For instance, lets say you are looking at the sunrise and the sun is at X1Y1 in the visual field. So (ignoring inverse mirroring etc) then the yellow light will land on the back of the _r_etina at the same relative place r(x1y1) where it will trigger those retinal cells which are sensitive to yellow light. In turn they send a signal to the _v_isual cortex where the signal is geo-spatially mapped onto V1 so it will arrive at those cells dedicated to processing yellow light at v(x1y1). Given this, then surely the system has the information that there is yellow at x1y1? Prediction in the next time step will then enable the accuracy of the input data to be improved. Thus the encoder [which I see as the combination of sense organ + pre-wired nerve fibre + those cells that receive the input] is able to verify the accuracy of the input by comparing the initial input with the predicted input received in the next time step (i.e. the sunlight which will be expected to be at X1Y1 in the visual field).

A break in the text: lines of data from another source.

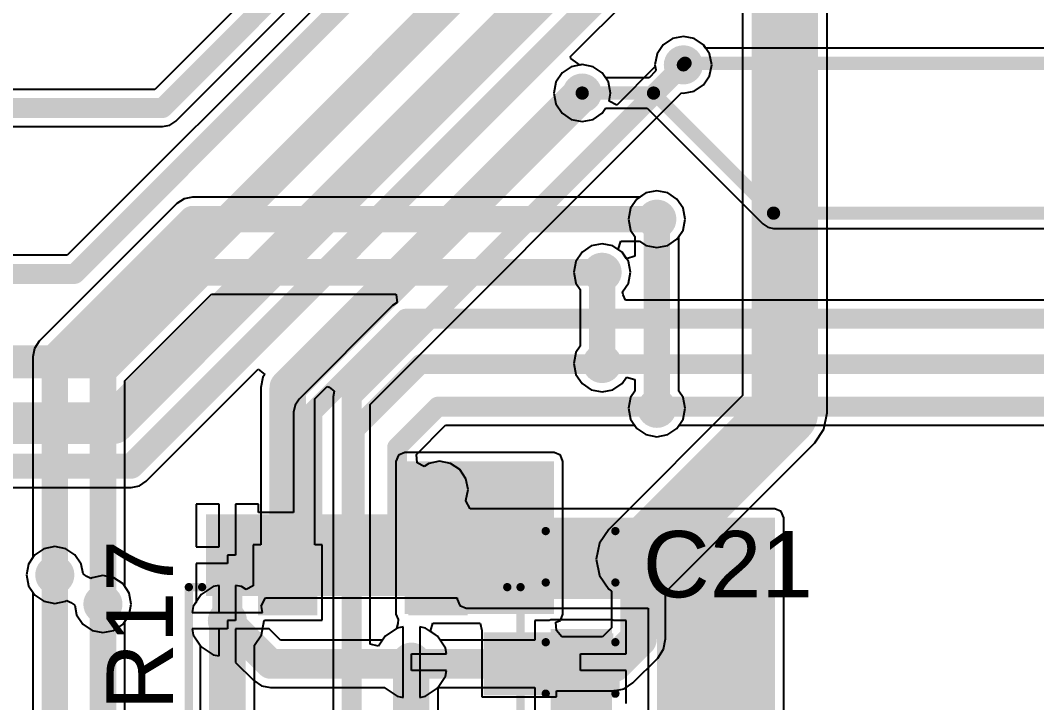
# Model space of a CAD drawing. Header units: millimetres. Extents: x -0.26 to 4.68, y -0.29 to 2.93.
# Drawn here: x 1.578 to 2.191, y 0.821 to 1.232 of the extents above; entities that cross this region are included whole.
import ezdxf

# ---------------------------------------------------------------- set-up
doc = ezdxf.new("R2010")
doc.units = ezdxf.units.MM
doc.header["$MEASUREMENT"] = 0
for name, color, linetype in [('BottomLayer', 5, 'Continuous'), ('BottomPaste', 16, 'Continuous'), ('BottomSolder', 6, 'Continuous'), ('TopLayer', 1, 'Continuous'), ('TopOverlay', 2, 'Continuous'), ('TopPaste', 8, 'Continuous'), ('TopSolder', 216, 'Continuous'), ('ViaHoleLayer', 16, 'Continuous')]:
    doc.layers.add(name, color=color, linetype=linetype)
doc.styles.add('Arial', font='arial.ttf', dxfattribs={"height": 0.2})

# ---------------------------------------------------------------- blocks, each defined once
blk = doc.blocks.new('14_TSSOP_26')
at = {"layer": 'TopLayer'}
for points in [[(-0.12992, 0.08563), (-0.08858, 0.08563), (-0.08858, 0.06791), (-0.12992, 0.06791)], [(0.08858, 0.08563), (0.12992, 0.08563), (0.12992, 0.06791), (0.08858, 0.06791)], [(-0.12992, 0.06004), (-0.08858, 0.06004), (-0.08858, 0.04232), (-0.12992, 0.04232)], [(0.08858, 0.06004), (0.12992, 0.06004), (0.12992, 0.04232), (0.08858, 0.04232)], [(-0.12992, 0.03445), (-0.08858, 0.03445), (-0.08858, 0.01673), (-0.12992, 0.01673)], [(0.08858, 0.03445), (0.12992, 0.03445), (0.12992, 0.01673), (0.08858, 0.01673)], [(-0.12992, 0.00886), (-0.08858, 0.00886), (-0.08858, -0.00886), (-0.12992, -0.00886)], [(0.08858, 0.00886), (0.12992, 0.00886), (0.12992, -0.00886), (0.08858, -0.00886)], [(-0.12992, -0.01673), (-0.08858, -0.01673), (-0.08858, -0.03445), (-0.12992, -0.03445)], [(0.08858, -0.01673), (0.12992, -0.01673), (0.12992, -0.03445), (0.08858, -0.03445)], [(-0.12992, -0.04232), (-0.08858, -0.04232), (-0.08858, -0.06004), (-0.12992, -0.06004)], [(0.08858, -0.04232), (0.12992, -0.04232), (0.12992, -0.06004), (0.08858, -0.06004)], [(-0.12992, -0.06791), (-0.08858, -0.06791), (-0.08858, -0.08563), (-0.12992, -0.08563)], [(0.08858, -0.06791), (0.12992, -0.06791), (0.12992, -0.08563), (0.08858, -0.08563)]]:
    blk.add_hatch(color=1, dxfattribs=at).paths.add_polyline_path(points)
at = {"layer": 'TopOverlay'}
blk.add_hatch(color=2, dxfattribs=at).paths.add_polyline_path([(-0.08401, 0.068), (-0.07301, 0.068), (-0.07301, 0.086), (-0.08401, 0.086)])
at = {"layer": 'TopPaste'}
for points in [[(-0.12992, 0.08563), (-0.08858, 0.08563), (-0.08858, 0.06791), (-0.12992, 0.06791)], [(0.08858, 0.08563), (0.12992, 0.08563), (0.12992, 0.06791), (0.08858, 0.06791)], [(-0.12992, 0.06004), (-0.08858, 0.06004), (-0.08858, 0.04232), (-0.12992, 0.04232)], [(0.08858, 0.06004), (0.12992, 0.06004), (0.12992, 0.04232), (0.08858, 0.04232)], [(-0.12992, 0.03445), (-0.08858, 0.03445), (-0.08858, 0.01673), (-0.12992, 0.01673)], [(0.08858, 0.03445), (0.12992, 0.03445), (0.12992, 0.01673), (0.08858, 0.01673)], [(-0.12992, 0.00886), (-0.08858, 0.00886), (-0.08858, -0.00886), (-0.12992, -0.00886)], [(0.08858, 0.00886), (0.12992, 0.00886), (0.12992, -0.00886), (0.08858, -0.00886)], [(-0.12992, -0.01673), (-0.08858, -0.01673), (-0.08858, -0.03445), (-0.12992, -0.03445)], [(0.08858, -0.01673), (0.12992, -0.01673), (0.12992, -0.03445), (0.08858, -0.03445)], [(-0.12992, -0.04232), (-0.08858, -0.04232), (-0.08858, -0.06004), (-0.12992, -0.06004)], [(0.08858, -0.04232), (0.12992, -0.04232), (0.12992, -0.06004), (0.08858, -0.06004)], [(-0.12992, -0.06791), (-0.08858, -0.06791), (-0.08858, -0.08563), (-0.12992, -0.08563)], [(0.08858, -0.06791), (0.12992, -0.06791), (0.12992, -0.08563), (0.08858, -0.08563)]]:
    blk.add_hatch(color=8, dxfattribs=at).paths.add_polyline_path(points)
at = {"layer": 'TopSolder'}
for points in [[(-0.13392, 0.08963), (-0.08458, 0.08963), (-0.08458, 0.06391), (-0.13392, 0.06391)], [(0.08458, 0.08963), (0.13392, 0.08963), (0.13392, 0.06391), (0.08458, 0.06391)], [(-0.13392, 0.06404), (-0.08458, 0.06404), (-0.08458, 0.03832), (-0.13392, 0.03832)], [(0.08458, 0.06404), (0.13392, 0.06404), (0.13392, 0.03832), (0.08458, 0.03832)], [(-0.13392, 0.03845), (-0.08458, 0.03845), (-0.08458, 0.01273), (-0.13392, 0.01273)], [(0.08458, 0.03845), (0.13392, 0.03845), (0.13392, 0.01273), (0.08458, 0.01273)], [(-0.13392, 0.01286), (-0.08458, 0.01286), (-0.08458, -0.01286), (-0.13392, -0.01286)], [(0.08458, 0.01286), (0.13392, 0.01286), (0.13392, -0.01286), (0.08458, -0.01286)], [(-0.13392, -0.01273), (-0.08458, -0.01273), (-0.08458, -0.03845), (-0.13392, -0.03845)], [(0.08458, -0.01273), (0.13392, -0.01273), (0.13392, -0.03845), (0.08458, -0.03845)], [(-0.13392, -0.03832), (-0.08458, -0.03832), (-0.08458, -0.06404), (-0.13392, -0.06404)], [(0.08458, -0.03832), (0.13392, -0.03832), (0.13392, -0.06404), (0.08458, -0.06404)], [(-0.13392, -0.06391), (-0.08458, -0.06391), (-0.08458, -0.08963), (-0.13392, -0.08963)], [(0.08458, -0.06391), (0.13392, -0.06391), (0.13392, -0.08963), (0.08458, -0.08963)]]:
    blk.add_hatch(color=216, dxfattribs=at).paths.add_polyline_path(points)
at = {"layer": 'TopOverlay'}
for points, const_width in [([(-0.09, 0.1), (-0.09, 0.092)], 0.005), ([(-0.09, 0.1), (0.09, 0.1)], 0.005), ([(0.09, 0.1), (0.09, 0.092)], 0.005), ([(-0.141, 0.082), (-0.141, 0.072)], 0.00787), ([(-0.141, 0.082), (-0.136, 0.077)], 0.00787), ([(-0.136, 0.077), (-0.141, 0.072)], 0.00787), ([(-0.09, -0.092), (-0.09, -0.1)], 0.005), ([(0.09, -0.092), (0.09, -0.1)], 0.005), ([(-0.09, -0.1), (0.09, -0.1)], 0.005)]:
    blk.add_lwpolyline(points, dxfattribs=dict(at, const_width=const_width))
for points, const_width in [([(-0.09125, 0.1, 1), (-0.08875, 0.1, 1)], 0.0025), ([(-0.09125, 0.1, 1), (-0.08875, 0.1, 1)], 0.0025), ([(0.08875, 0.1, 1), (0.09125, 0.1, 1)], 0.0025), ([(0.08875, 0.1, 1), (0.09125, 0.1, 1)], 0.0025), ([(-0.09125, 0.092, 1), (-0.08875, 0.092, 1)], 0.0025), ([(0.08875, 0.092, 1), (0.09125, 0.092, 1)], 0.0025), ([(-0.14297, 0.082, 1), (-0.13903, 0.082, 1)], 0.00394), ([(-0.14297, 0.082, 1), (-0.13903, 0.082, 1)], 0.00394), ([(-0.13797, 0.077, 1), (-0.13403, 0.077, 1)], 0.00394), ([(-0.13797, 0.077, 1), (-0.13403, 0.077, 1)], 0.00394), ([(-0.14297, 0.072, 1), (-0.13903, 0.072, 1)], 0.00394), ([(-0.14297, 0.072, 1), (-0.13903, 0.072, 1)], 0.00394), ([(-0.09125, -0.092, 1), (-0.08875, -0.092, 1)], 0.0025), ([(0.08875, -0.092, 1), (0.09125, -0.092, 1)], 0.0025), ([(-0.09125, -0.1, 1), (-0.08875, -0.1, 1)], 0.0025), ([(-0.09125, -0.1, 1), (-0.08875, -0.1, 1)], 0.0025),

I’m at a loss to see how else you can correlate the SDRs to the reality they represent.
Or am I making some basic error here ?
That would be awesome if you did not move and if your eyes did not move. As you go about doing whatever it is you are doing everything is changing all the time.
The tiger that might eat you can be anywhere in your visual field (in any orientation) and it is important that you recognise if from as far away as its possible, even if it is part of a mixed scene with similary colored items. Learning a fixed object in a fixed part of the visual field is simple but not very helpful fo real critters.
This is true but the idea proposed is that the architecture and algorithmic processing of the encoder could be changed using the feedback from the HTM regions. The predictions will always rely on the encoding and after time all predictions will be accustomed to the new type of encoding. If you are saying that the prediction could be checked with the real data using supervised methods then that’s an interesting point.
I concur, you cannot do this since the SDRs will be a result of the encoded data stream and they cannot be used to predict the accuracy of the encoding.